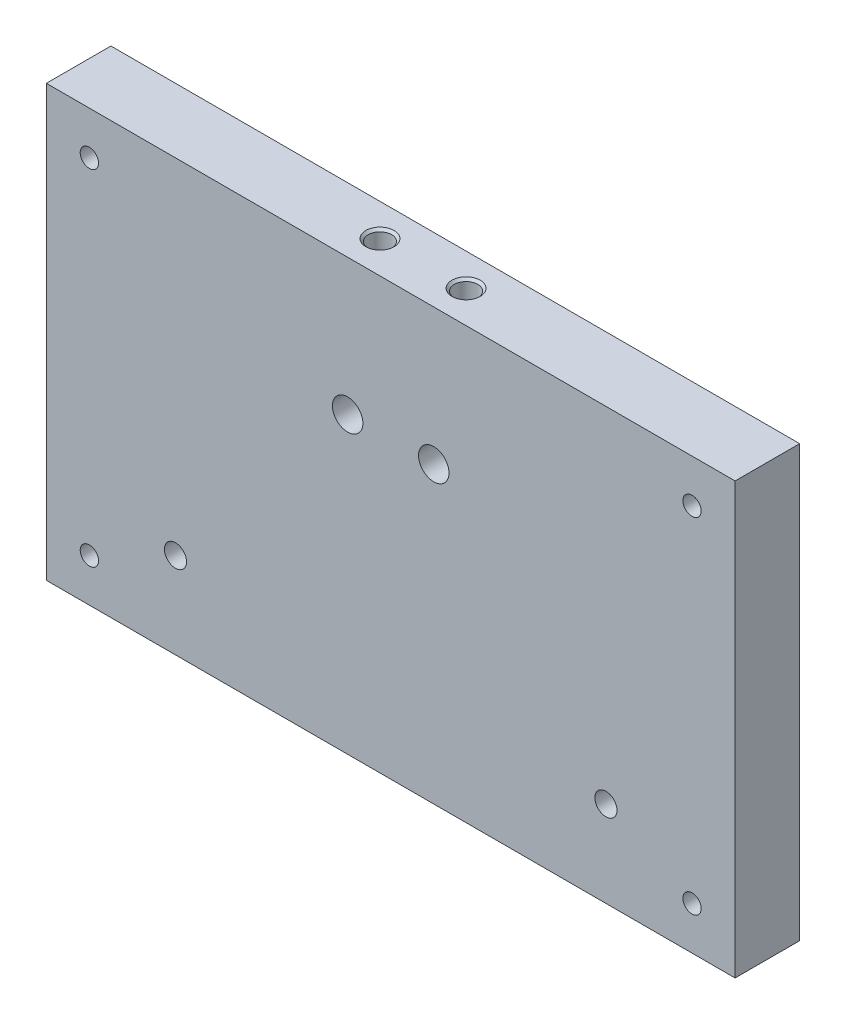
ISO-10303-21;
HEADER;
FILE_DESCRIPTION(('STEP AP214'),'2;1');
FILE_NAME('part.step','',(''),(''),'','','');
FILE_SCHEMA(('AUTOMOTIVE_DESIGN { 1 0 10303 214 1 1 1 1 }'));
ENDSEC;
DATA;
#1=APPLICATION_CONTEXT('core data for automotive mechanical design processes');
#2=APPLICATION_PROTOCOL_DEFINITION('international standard','automotive_design',2000,#1);
#3=PRODUCT_CONTEXT('',#1,'mechanical');
#4=PRODUCT('Part','Part','',(#3));
#5=PRODUCT_RELATED_PRODUCT_CATEGORY('part','',(#4));
#6=PRODUCT_DEFINITION_FORMATION('','',#4);
#7=PRODUCT_DEFINITION_CONTEXT('part definition',#1,'design');
#8=PRODUCT_DEFINITION('design','',#6,#7);
#9=PRODUCT_DEFINITION_SHAPE('','',#8);
#10=(LENGTH_UNIT() NAMED_UNIT(*) SI_UNIT(.MILLI.,.METRE.));
#11=(NAMED_UNIT(*) PLANE_ANGLE_UNIT() SI_UNIT($,.RADIAN.));
#12=(NAMED_UNIT(*) SI_UNIT($,.STERADIAN.) SOLID_ANGLE_UNIT());
#13=UNCERTAINTY_MEASURE_WITH_UNIT(LENGTH_MEASURE(1.E-05),#10,'distance_accuracy_value','');
#14=(GEOMETRIC_REPRESENTATION_CONTEXT(3) GLOBAL_UNCERTAINTY_ASSIGNED_CONTEXT((#13)) GLOBAL_UNIT_ASSIGNED_CONTEXT((#10,
#11,#12)) REPRESENTATION_CONTEXT('',''));
#15=CARTESIAN_POINT('',(0.,0.,0.));
#16=DIRECTION('',(0.,0.,1.));
#17=DIRECTION('',(1.,0.,0.));
#18=AXIS2_PLACEMENT_3D('',#15,#16,#17);
#19=CARTESIAN_POINT('',(0.,0.,9.525));
#20=DIRECTION('',(-1.,0.,0.));
#21=DIRECTION('',(0.,0.,1.));
#22=AXIS2_PLACEMENT_3D('',#19,#20,#21);
#23=PLANE('',#22);
#24=DIRECTION('',(0.,1.,0.));
#25=VECTOR('',#24,1.);
#26=CARTESIAN_POINT('',(0.,0.,0.));
#27=LINE('',#26,#25);
#28=CARTESIAN_POINT('',(0.,0.,0.));
#29=VERTEX_POINT('',#28);
#30=CARTESIAN_POINT('',(0.,63.5,0.));
#31=VERTEX_POINT('',#30);
#32=EDGE_CURVE('E107',#29,#31,#27,.T.);
#33=ORIENTED_EDGE('',*,*,#32,.T.);
#34=DIRECTION('',(0.,0.,-1.));
#35=VECTOR('',#34,1.);
#36=CARTESIAN_POINT('',(0.,63.5,9.525));
#37=LINE('',#36,#35);
#38=CARTESIAN_POINT('',(0.,63.5,9.525));
#39=VERTEX_POINT('',#38);
#40=EDGE_CURVE('E11',#39,#31,#37,.T.);
#41=ORIENTED_EDGE('',*,*,#40,.F.);
#42=DIRECTION('',(0.,1.,0.));
#43=VECTOR('',#42,1.);
#44=CARTESIAN_POINT('',(0.,0.,9.525));
#45=LINE('',#44,#43);
#46=CARTESIAN_POINT('',(0.,0.,9.525));
#47=VERTEX_POINT('',#46);
#48=EDGE_CURVE('E94',#47,#39,#45,.T.);
#49=ORIENTED_EDGE('',*,*,#48,.F.);
#50=DIRECTION('',(0.,0.,-1.));
#51=VECTOR('',#50,1.);
#52=CARTESIAN_POINT('',(0.,0.,9.525));
#53=LINE('',#52,#51);
#54=EDGE_CURVE('E103',#47,#29,#53,.T.);
#55=ORIENTED_EDGE('',*,*,#54,.T.);
#56=EDGE_LOOP('',(#33,#41,#49,#55));
#57=FACE_BOUND('',#56,.T.);
#58=ADVANCED_FACE('F37',(#57),#23,.F.);
#59=CARTESIAN_POINT('',(0.,63.5,9.525));
#60=DIRECTION('',(0.,-1.,0.));
#61=DIRECTION('',(1.,0.,0.));
#62=AXIS2_PLACEMENT_3D('',#59,#60,#61);
#63=PLANE('',#62);
#64=CARTESIAN_POINT('',(-44.45,63.5,4.7625));
#65=DIRECTION('',(0.,1.,0.));
#66=DIRECTION('',(0.,0.,1.));
#67=AXIS2_PLACEMENT_3D('',#64,#65,#66);
#68=CIRCLE('',#67,2.0828);
#69=CARTESIAN_POINT('',(-44.45,63.5,6.8453));
#70=VERTEX_POINT('',#69);
#71=EDGE_CURVE('E339',#70,#70,#68,.T.);
#72=ORIENTED_EDGE('',*,*,#71,.F.);
#73=EDGE_LOOP('',(#72));
#74=FACE_BOUND('',#73,.T.);
#75=CARTESIAN_POINT('',(-57.15,63.5,4.7625));
#76=DIRECTION('',(0.,1.,0.));
#77=DIRECTION('',(0.,0.,1.));
#78=AXIS2_PLACEMENT_3D('',#75,#76,#77);
#79=CIRCLE('',#78,2.0828);
#80=CARTESIAN_POINT('',(-57.15,63.5,6.8453));
#81=VERTEX_POINT('',#80);
#82=EDGE_CURVE('E345',#81,#81,#79,.T.);
#83=ORIENTED_EDGE('',*,*,#82,.F.);
#84=EDGE_LOOP('',(#83));
#85=FACE_BOUND('',#84,.T.);
#86=DIRECTION('',(-1.,0.,0.));
#87=VECTOR('',#86,1.);
#88=CARTESIAN_POINT('',(0.,63.5,0.));
#89=LINE('',#88,#87);
#90=CARTESIAN_POINT('',(-101.6,63.5,0.));
#91=VERTEX_POINT('',#90);
#92=EDGE_CURVE('E98',#31,#91,#89,.T.);
#93=ORIENTED_EDGE('',*,*,#92,.T.);
#94=DIRECTION('',(0.,0.,-1.));
#95=VECTOR('',#94,1.);
#96=CARTESIAN_POINT('',(-101.6,63.5,9.525));
#97=LINE('',#96,#95);
#98=CARTESIAN_POINT('',(-101.6,63.5,9.525));
#99=VERTEX_POINT('',#98);
#100=EDGE_CURVE('E50',#99,#91,#97,.T.);
#101=ORIENTED_EDGE('',*,*,#100,.F.);
#102=DIRECTION('',(-1.,0.,0.));
#103=VECTOR('',#102,1.);
#104=CARTESIAN_POINT('',(0.,63.5,9.525));
#105=LINE('',#104,#103);
#106=EDGE_CURVE('E89',#39,#99,#105,.T.);
#107=ORIENTED_EDGE('',*,*,#106,.F.);
#108=ORIENTED_EDGE('',*,*,#40,.T.);
#109=EDGE_LOOP('',(#93,#101,#107,#108));
#110=FACE_BOUND('',#109,.T.);
#111=ADVANCED_FACE('F97',(#74,#85,#110),#63,.F.);
#112=CARTESIAN_POINT('',(-101.6,0.,9.525));
#113=DIRECTION('',(1.,0.,0.));
#114=DIRECTION('',(0.,0.,-1.));
#115=AXIS2_PLACEMENT_3D('',#112,#113,#114);
#116=PLANE('',#115);
#117=DIRECTION('',(0.,-1.,0.));
#118=VECTOR('',#117,1.);
#119=CARTESIAN_POINT('',(-101.6,0.,0.));
#120=LINE('',#119,#118);
#121=CARTESIAN_POINT('',(-101.6,0.,0.));
#122=VERTEX_POINT('',#121);
#123=EDGE_CURVE('E76',#91,#122,#120,.T.);
#124=ORIENTED_EDGE('',*,*,#123,.T.);
#125=DIRECTION('',(0.,0.,-1.));
#126=VECTOR('',#125,1.);
#127=CARTESIAN_POINT('',(-101.6,0.,9.525));
#128=LINE('',#127,#126);
#129=CARTESIAN_POINT('',(-101.6,0.,9.525));
#130=VERTEX_POINT('',#129);
#131=EDGE_CURVE('E99',#130,#122,#128,.T.);
#132=ORIENTED_EDGE('',*,*,#131,.F.);
#133=DIRECTION('',(0.,-1.,0.));
#134=VECTOR('',#133,1.);
#135=CARTESIAN_POINT('',(-101.6,0.,9.525));
#136=LINE('',#135,#134);
#137=EDGE_CURVE('E92',#99,#130,#136,.T.);
#138=ORIENTED_EDGE('',*,*,#137,.F.);
#139=ORIENTED_EDGE('',*,*,#100,.T.);
#140=EDGE_LOOP('',(#124,#132,#138,#139));
#141=FACE_BOUND('',#140,.T.);
#142=ADVANCED_FACE('F101',(#141),#116,.F.);
#143=CARTESIAN_POINT('',(0.,0.,9.525));
#144=DIRECTION('',(0.,1.,0.));
#145=DIRECTION('',(-1.,0.,0.));
#146=AXIS2_PLACEMENT_3D('',#143,#144,#145);
#147=PLANE('',#146);
#148=DIRECTION('',(1.,0.,0.));
#149=VECTOR('',#148,1.);
#150=CARTESIAN_POINT('',(0.,0.,0.));
#151=LINE('',#150,#149);
#152=EDGE_CURVE('E82',#122,#29,#151,.T.);
#153=ORIENTED_EDGE('',*,*,#152,.T.);
#154=ORIENTED_EDGE('',*,*,#54,.F.);
#155=DIRECTION('',(1.,0.,0.));
#156=VECTOR('',#155,1.);
#157=CARTESIAN_POINT('',(0.,0.,9.525));
#158=LINE('',#157,#156);
#159=EDGE_CURVE('E59',#130,#47,#158,.T.);
#160=ORIENTED_EDGE('',*,*,#159,.F.);
#161=ORIENTED_EDGE('',*,*,#131,.T.);
#162=EDGE_LOOP('',(#153,#154,#160,#161));
#163=FACE_BOUND('',#162,.T.);
#164=ADVANCED_FACE('F166',(#163),#147,.F.);
#165=CARTESIAN_POINT('',(0.,0.,9.525));
#166=DIRECTION('',(0.,0.,1.));
#167=DIRECTION('',(1.,0.,0.));
#168=AXIS2_PLACEMENT_3D('',#165,#166,#167);
#169=PLANE('',#168);
#170=CARTESIAN_POINT('',(-82.55,12.7,9.525));
#171=DIRECTION('',(0.,0.,1.));
#172=DIRECTION('',(1.,0.,0.));
#173=AXIS2_PLACEMENT_3D('',#170,#171,#172);
#174=CIRCLE('',#173,1.63194999999999);
#175=CARTESIAN_POINT('',(-80.91805,12.7,9.525));
#176=VERTEX_POINT('',#175);
#177=EDGE_CURVE('E391',#176,#176,#174,.T.);
#178=ORIENTED_EDGE('',*,*,#177,.F.);
#179=EDGE_LOOP('',(#178));
#180=FACE_BOUND('',#179,.T.);
#181=CARTESIAN_POINT('',(-19.05,12.7,9.525));
#182=DIRECTION('',(0.,0.,1.));
#183=DIRECTION('',(1.,0.,0.));
#184=AXIS2_PLACEMENT_3D('',#181,#182,#183);
#185=CIRCLE('',#184,1.63195);
#186=CARTESIAN_POINT('',(-17.41805,12.7,9.525));
#187=VERTEX_POINT('',#186);
#188=EDGE_CURVE('E386',#187,#187,#185,.T.);
#189=ORIENTED_EDGE('',*,*,#188,.F.);
#190=EDGE_LOOP('',(#189));
#191=FACE_BOUND('',#190,.T.);
#192=CARTESIAN_POINT('',(-95.25,6.34999999999999,9.525));
#193=DIRECTION('',(0.,0.,1.));
#194=DIRECTION('',(1.,0.,0.));
#195=AXIS2_PLACEMENT_3D('',#192,#193,#194);
#196=CIRCLE('',#195,1.35254999999998);
#197=CARTESIAN_POINT('',(-93.89745,6.34999999999999,9.525));
#198=VERTEX_POINT('',#197);
#199=EDGE_CURVE('E380',#198,#198,#196,.T.);
#200=ORIENTED_EDGE('',*,*,#199,.F.);
#201=EDGE_LOOP('',(#200));
#202=FACE_BOUND('',#201,.T.);
#203=CARTESIAN_POINT('',(-95.25,57.15,9.525));
#204=DIRECTION('',(0.,0.,1.));
#205=DIRECTION('',(1.,0.,0.));
#206=AXIS2_PLACEMENT_3D('',#203,#204,#205);
#207=CIRCLE('',#206,1.35254999999998);
#208=CARTESIAN_POINT('',(-93.89745,57.15,9.525));
#209=VERTEX_POINT('',#208);
#210=EDGE_CURVE('E374',#209,#209,#207,.T.);
#211=ORIENTED_EDGE('',*,*,#210,.F.);
#212=EDGE_LOOP('',(#211));
#213=FACE_BOUND('',#212,.T.);
#214=CARTESIAN_POINT('',(-6.35,6.35,9.525));
#215=DIRECTION('',(0.,0.,1.));
#216=DIRECTION('',(1.,0.,0.));
#217=AXIS2_PLACEMENT_3D('',#214,#215,#216);
#218=CIRCLE('',#217,1.35254999999999);
#219=CARTESIAN_POINT('',(-4.99745000000001,6.35,9.525));
#220=VERTEX_POINT('',#219);
#221=EDGE_CURVE('E368',#220,#220,#218,.T.);
#222=ORIENTED_EDGE('',*,*,#221,.F.);
#223=EDGE_LOOP('',(#222));
#224=FACE_BOUND('',#223,.T.);
#225=CARTESIAN_POINT('',(-6.35,57.15,9.525));
#226=DIRECTION('',(0.,0.,1.));
#227=DIRECTION('',(1.,0.,0.));
#228=AXIS2_PLACEMENT_3D('',#225,#226,#227);
#229=CIRCLE('',#228,1.35254999999999);
#230=CARTESIAN_POINT('',(-4.99745000000001,57.15,9.525));
#231=VERTEX_POINT('',#230);
#232=EDGE_CURVE('E362',#231,#231,#229,.T.);
#233=ORIENTED_EDGE('',*,*,#232,.F.);
#234=EDGE_LOOP('',(#233));
#235=FACE_BOUND('',#234,.T.);
#236=CARTESIAN_POINT('',(-44.45,43.4121935388156,9.525));
#237=DIRECTION('',(0.,0.,1.));
#238=DIRECTION('',(1.,0.,0.));
#239=AXIS2_PLACEMENT_3D('',#236,#237,#238);
#240=CIRCLE('',#239,2.2479);
#241=CARTESIAN_POINT('',(-42.2021,43.4121935388156,9.525));
#242=VERTEX_POINT('',#241);
#243=EDGE_CURVE('E326',#242,#242,#240,.T.);
#244=ORIENTED_EDGE('',*,*,#243,.F.);
#245=EDGE_LOOP('',(#244));
#246=FACE_BOUND('',#245,.T.);
#247=CARTESIAN_POINT('',(-57.15,43.4121935388156,9.525));
#248=DIRECTION('',(0.,0.,1.));
#249=DIRECTION('',(1.,0.,0.));
#250=AXIS2_PLACEMENT_3D('',#247,#248,#249);
#251=CIRCLE('',#250,2.2479);
#252=CARTESIAN_POINT('',(-54.9021,43.4121935388156,9.525));
#253=VERTEX_POINT('',#252);
#254=EDGE_CURVE('E122',#253,#253,#251,.T.);
#255=ORIENTED_EDGE('',*,*,#254,.F.);
#256=EDGE_LOOP('',(#255));
#257=FACE_BOUND('',#256,.T.);
#258=ORIENTED_EDGE('',*,*,#48,.T.);
#259=ORIENTED_EDGE('',*,*,#106,.T.);
#260=ORIENTED_EDGE('',*,*,#137,.T.);
#261=ORIENTED_EDGE('',*,*,#159,.T.);
#262=EDGE_LOOP('',(#258,#259,#260,#261));
#263=FACE_BOUND('',#262,.T.);
#264=ADVANCED_FACE('F90',(#180,#191,#202,#213,#224,#235,#246,#257,#263),#169,.T.);
#265=CARTESIAN_POINT('',(0.,0.,0.));
#266=DIRECTION('',(0.,0.,1.));
#267=DIRECTION('',(1.,0.,0.));
#268=AXIS2_PLACEMENT_3D('',#265,#266,#267);
#269=PLANE('',#268);
#270=CARTESIAN_POINT('',(-82.55,12.7,0.));
#271=DIRECTION('',(0.,0.,1.));
#272=DIRECTION('',(1.,0.,0.));
#273=AXIS2_PLACEMENT_3D('',#270,#271,#272);
#274=CIRCLE('',#273,1.63194999999999);
#275=CARTESIAN_POINT('',(-80.91805,12.7,0.));
#276=VERTEX_POINT('',#275);
#277=EDGE_CURVE('E389',#276,#276,#274,.T.);
#278=ORIENTED_EDGE('',*,*,#277,.T.);
#279=EDGE_LOOP('',(#278));
#280=FACE_BOUND('',#279,.T.);
#281=CARTESIAN_POINT('',(-19.05,12.7,0.));
#282=DIRECTION('',(0.,0.,1.));
#283=DIRECTION('',(1.,0.,0.));
#284=AXIS2_PLACEMENT_3D('',#281,#282,#283);
#285=CIRCLE('',#284,1.63195);
#286=CARTESIAN_POINT('',(-17.41805,12.7,0.));
#287=VERTEX_POINT('',#286);
#288=EDGE_CURVE('E383',#287,#287,#285,.T.);
#289=ORIENTED_EDGE('',*,*,#288,.T.);
#290=EDGE_LOOP('',(#289));
#291=FACE_BOUND('',#290,.T.);
#292=CARTESIAN_POINT('',(-95.25,6.34999999999999,0.));
#293=DIRECTION('',(0.,0.,1.));
#294=DIRECTION('',(1.,0.,0.));
#295=AXIS2_PLACEMENT_3D('',#292,#293,#294);
#296=CIRCLE('',#295,1.35254999999999);
#297=CARTESIAN_POINT('',(-93.89745,6.34999999999999,0.));
#298=VERTEX_POINT('',#297);
#299=EDGE_CURVE('E377',#298,#298,#296,.T.);
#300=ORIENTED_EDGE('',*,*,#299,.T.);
* * * * * * *
§ Description of the task: From the records above, copy only the lines starting with the line that holds "#167=DIRECTION('',(1.,0.,0.));" and going on through the line that holds "#187=VERTEX_POINT('',#186);", exactly as written.

§ Task response:
#167=DIRECTION('',(1.,0.,0.));
#168=AXIS2_PLACEMENT_3D('',#165,#166,#167);
#169=PLANE('',#168);
#170=CARTESIAN_POINT('',(-82.55,12.7,9.525));
#171=DIRECTION('',(0.,0.,1.));
#172=DIRECTION('',(1.,0.,0.));
#173=AXIS2_PLACEMENT_3D('',#170,#171,#172);
#174=CIRCLE('',#173,1.63194999999999);
#175=CARTESIAN_POINT('',(-80.91805,12.7,9.525));
#176=VERTEX_POINT('',#175);
#177=EDGE_CURVE('E391',#176,#176,#174,.T.);
#178=ORIENTED_EDGE('',*,*,#177,.F.);
#179=EDGE_LOOP('',(#178));
#180=FACE_BOUND('',#179,.T.);
#181=CARTESIAN_POINT('',(-19.05,12.7,9.525));
#182=DIRECTION('',(0.,0.,1.));
#183=DIRECTION('',(1.,0.,0.));
#184=AXIS2_PLACEMENT_3D('',#181,#182,#183);
#185=CIRCLE('',#184,1.63195);
#186=CARTESIAN_POINT('',(-17.41805,12.7,9.525));
#187=VERTEX_POINT('',#186);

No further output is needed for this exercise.